Tom Pennington

No. 1
- Position: Placekicker

Personal information
- Born: November 26, 1939 Albany, Georgia, U.S.
- Died: March 4, 2013 (aged 73) Princeton, West Virginia, U.S.
- Listed height: 6 ft 2 in (1.88 m)
- Listed weight: 210 lb (95 kg)

Career information
- High school: Albany
- College: Georgia
- NFL draft: 1962 (12th round, 168th overall pick)
- AFL draft: 1962 (11th round, 86th overall pick)

Career history
- Dallas Texans (1962);

Awards and highlights
- AFL champion (1962);

Career AFL statistics
- Field goals: 5 / 2
- Field goal %: 40
- Extra points: 15 / 13
- Stats at Pro Football Reference

= Tom Pennington =

American football player (1939–2013)

Thomas Durward Pennington Jr. (November 26, 1939 - March 4, 2013) was an American professional football placekicker who played in the American Football League (AFL).
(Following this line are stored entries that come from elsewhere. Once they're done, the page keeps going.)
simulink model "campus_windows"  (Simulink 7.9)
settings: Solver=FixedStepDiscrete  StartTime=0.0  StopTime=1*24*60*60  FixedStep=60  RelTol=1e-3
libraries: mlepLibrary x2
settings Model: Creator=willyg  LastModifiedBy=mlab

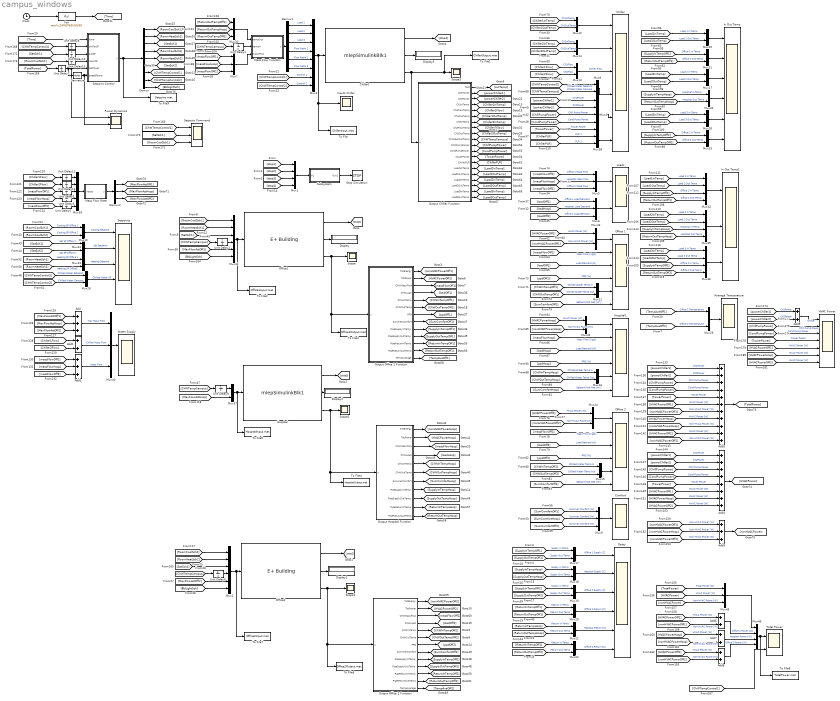
== system campus_windows ==
  Add : Sum  Inputs=+++
  Add{1,6..9} (5 alike) : Sum
  Add2 : Sum  Inputs=+++
  Add3 : Sum  Inputs=+++++++++++
  Add4 : Sum  Inputs=++++++++
  Add5 : Sum  Inputs=+++
  Average Temperature : Scope
      settings: ShowLegends=on  TimeRange=90000  YMin=-0.1  YMax=0.5  SaveName=ScopeData15
  Chiller : Scope  NumInputPorts=6
      settings: ShowLegends=on  TimeRange=90000  YMin=0~0~0~6~0~0  YMax=17.5~17.5~150~17~500000~1  SaveName=ScopeData5
  Chiller1 : M-S-Function  Priority=2  AncestorBlock=mlepLibrary/E+ Building  FunctionName=mlepSimulinkBlk1  Parameters=progname, modelfile, weatherfile, workdir, timeout, port, host, bcvtbdir, deltaT, noutputd  mask(EnergyPlus Cosimulation){progname='C:\\EnergyPlusV8-1-0\\RunEPlus', modelfile='C:\\Users\\mlab\\Documents\\GitRepository\\mlep_v2.0\\CampusSimulation\\Models\\Chiller1\\LargeChiller2', weatherfile='USA_IL_Chicago-OHare.Intl.AP.725300_TMY3', workdir='C:\\Users\\mlab\\Documents\\GitRepository\\mlep_v2.0\\CampusSimulation\\Models\\Chiller1\\', timeout=40000, port=0, host='', bcvtbdir='', deltaT=60, noutputd=20}
      mask prompts: progname "E+ Executable Path"; modelfile "IDF File (without extension)"; weatherfile "Weather Profile"; workdir "Working Directory"; timeout "Timeout (in milliseconds)"; port "Socket Port (0 = any available)"; host "Socket Host ('' = local host)"; bcvtbdir "BCVTB Directory"; deltaT "Time Step (in seconds)"; noutputd "Number of Real Outputs"
      mask help: This block implements cosimulation with EnergyPlus by allowing Simulink to exchange input and output data with it. Currently, EnergyPlus only supports real data.
      mask Help:
      | Simulate a building model using EnergyPlus
      | 
      | <h2>Description</h2>
      | This block implements <a href="http://apps1.eere.energy.gov/buildings/energyplus/">EnergyPlus</a> cosimulation by allowing Simulink to exchange input and output data with EnergyPlus at each time step.
      | 
      | When a simulation starts, this block starts EnergyPlus in parallel. During simulation, EnergyPlus exchanges data with Simulink using the <a href="http://simulationresearch.lbl.gov/bcvtb">Building Controls Virtual Test Bed</a> (BCVTB) interface via <a href="http://mlab.seas.upenn.edu/mlep/">MLE+</a>.
      | 
      | Detailed information about the interface is available in the MLE+ manual.
      | 
      | <h2>Requirements</h2>
      | Requires <a href="http://apps1.eere.energy.gov/buildings/energyplus/">EnergyPlus</a> and <a href="http://mlab.seas.upenn.edu/mlep/">MLE+</a>.
      | 
      | <h2>Input</h2>
      | Block input <b>real</b> is a real vector of EnergyPlus inputs corresponding to the inputs listed in the BCVTB config file <code>variables.cfg</code> (in order).
      | 
      | <h2>Output</h2>
      | The block outputs are, in order:
      | <dl>
      |   <dt><b>flag</b></dt><dd>Status flag for EnergyPlus: 0 if OK, non-zero for error</dd>
      |   <dt><b>time</b></dt><dd>Current simulation time of EnergyPlus (s)</dd>
      |   <dt><b>real</b></dt><dd>Real vector of EnergyPlus outputs corresponding to the outputs listed in the BCVTB config file <code>variables.cfg</code> (in order).</dd>
      | </dl>
      | 
      | <h2>Parameters</h2>
      | The block mask provides inputs for all required MLE+ configuration parameters:
      | <dl>
      |   <dt><b>E+ Executable Path</b></dt><dd>Specify the location of the EnergyPlus executable</dd>
      |   <dt><b>IDF File</b></dt><dd>Specify the EnergyPlus Input Description File (IDF), without extension</dd>
      |   <dt><b>Weather Profile</b></dt><dd>Specify the name of the EnergyPlus weather profile file to use for the model</dd>
      |   <dt><b>Working Directory</b></dt><dd>Specify the EnergyPlus working directory</dd>
      |   <dt><b>Timeout</b></dt><dd>Time delay (ms) before communication between MLE+ and EnergyPlus times out.</dd>
      |   <dt><b>Socket Port</b></dt><dd>Specify the port to use for communicating with EnergyPlus; enter <code>0</code> to use MLE+ default settings.</dd>
      |   <dt><b>Socket Host</b></dt><dd>Specifiy the IP address of the host where EnergyPlus runs; enter <code>''</code> to use localhost (the local computer).</dd>
      |   <dt><b>BCVTB Directory</b></dt><dd>Specify the directory where the BCVTB files reside; enter <code>''</code> to use MLE+ default settings.</dd>
      |   <dt><b>Time Step</b></dt><dd>Enter the EnergyPlus time step (s). This need not be the same as the Simulink time step.</dd>
      |   <dt><b>Number of Real Outputs</b></dt><dd>Specify the number of real outputs from EnergyPlus. This number should match the number of output variables in <code>variables.cfg</code>.</dd>
      | </dl>
      | 
      | All string inputs in the block mask must be passed either as MATLAB strings (that is, surrounded by single quotes <code>'</code>) or as MATLAB expressions which evaluate to strings (for example, <code>[pwd '/somedir']</code>).
      | 
      | <h2>Comments</h2>
      | <ol>
      |   <li>The BCVTB config file <code>variables.cfg</code> must be in the EnergyPlus working directory specified in the block mask.</li>
      |   <li>For fixed time step simulation in Simulink, the EnergyPlus time step should be an exact multiple of the Simulink time step.</li>
      |   <li>For details regarding the implementation of MLE+ and the meaning of the parameters, see the MLE+ <a href="http://mlab.seas.upenn.edu/mlep/">documentation</a>.</li>
      | </ol>
      | 
      | <h2>References</h2>
      | <ol>
      |   <li>W. Bernal, M. Behl, T. X. Nghiem, and R. Mangharam, "MLE+: A Tool for Integrated Design and Deployment of Energy Efficient Building Controls," 4th ACM Workshop On Embedded Sensing Systems For Energy-Efficiency In Buildings, (BuildSys '12), Toronto, Canada, 2012. Available: <a href="http://repository.upenn.edu/mlab_papers/51/">http://repository.upenn.edu/mlab_papers/51/</a></li>
      | </ol>
      mask Display:
      | image(imread('chiller_plant.jpg'))
      | disp('E+\nCosimulation');
      | 
      | % Inputs
      | port_label('input', 1, 'real');
      | 
      | % Outputs
      | port_label('output', 1, 'flag');
      | port_label('output', 2, 'time');
      | port_label('output', 3, 'real');
  Clock : Clock
      settings: Priority=1
  Comfort : Scope
      settings: ShowLegends=on  TimeRange=90000  YMin=-0.1  YMax=0.5  SaveName=ScopeData10
  Delay : Scope  NumInputPorts=6
      settings: ShowLegends=on  TimeRange=90000  YMin=6.7~6.7~6.5~10~8~10  YMax=7~6.9~7.5~16~14~16  SaveName=ScopeData4
  Demux : Demux  Outputs=9
  Demux1 : Demux  Outputs=6
  Demux2 : Demux  Outputs=3
  Derivative : Derivative
  Display{,1..3} (4 alike) : Display
  Fcn : Fcn  Priority=1  Expr=rem(u,24*60*60)/60/60
  HVAC Power : Scope  NumInputPorts=7
      settings: ShowLegends=on  TimeRange=90000  YMin=0~20~-1.5e+06~-1~5~0~-5  YMax=1e+06~60~0~1~15~0.02~5  SaveName=ScopeData20
  Hospital : M-S-Function  Priority=1  AncestorBlock=mlepLibrary/E+ Building  FunctionName=mlepSimulinkBlk1  Parameters=progname, modelfile, weatherfile, workdir, timeout, port, host, bcvtbdir, deltaT, noutputd  mask(EnergyPlus Cosimulation){progname='C:\\EnergyPlusV8-1-0\\RunEPlus', modelfile='C:\\Users\\mlab\\Documents\\GitRepository\\mlep_v2.0\\CampusSimulation\\Models\\Hospital1\\Hospital', weatherfile='USA_IL_Chicago-OHare.Intl.AP.725300_TMY3', workdir='C:\\Users\\mlab\\Documents\\GitRepository\\mlep_v2.0\\CampusSimulation\\Models\\Hospital1\\', timeout=40000, port=0, host='', bcvtbdir='', deltaT=60, noutputd=11}
      mask prompts: progname "E+ Executable Path"; modelfile "IDF File (without extension)"; weatherfile "Weather Profile"; workdir "Working Directory"; timeout "Timeout (in milliseconds)"; port "Socket Port (0 = any available)"; host "Socket Host ('' = local host)"; bcvtbdir "BCVTB Directory"; deltaT "Time Step (in seconds)"; noutputd "Number of Real Outputs"
      mask help: This block implements cosimulation with EnergyPlus by allowing Simulink to exchange input and output data with it. Currently, EnergyPlus only supports real data.
      mask Help:
      | Simulate a building model using EnergyPlus
      | 
      | <h2>Description</h2>
      | This block implements <a href="http://apps1.eere.energy.gov/buildings/energyplus/">EnergyPlus</a> cosimulation by allowing Simulink to exchange input and output data with EnergyPlus at each time step.
      | 
      | When a simulation starts, this block starts EnergyPlus in parallel. During simulation, EnergyPlus exchanges data with Simulink using the <a href="http://simulationresearch.lbl.gov/bcvtb">Building Controls Virtual Test Bed</a> (BCVTB) interface via <a href="http://mlab.seas.upenn.edu/mlep/">MLE+</a>.
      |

He was born in Albany, Georgia. Pennington played college football for the Georgia Bulldogs. He was drafted by the Green Bay Packers in the 12th round (168th overall) of the 1962 National Football League draft and the Buffalo Bills in the 11th round (86th overall) of the 1962 AFL draft but did not play for either team. He played with the Dallas Texans in 1962.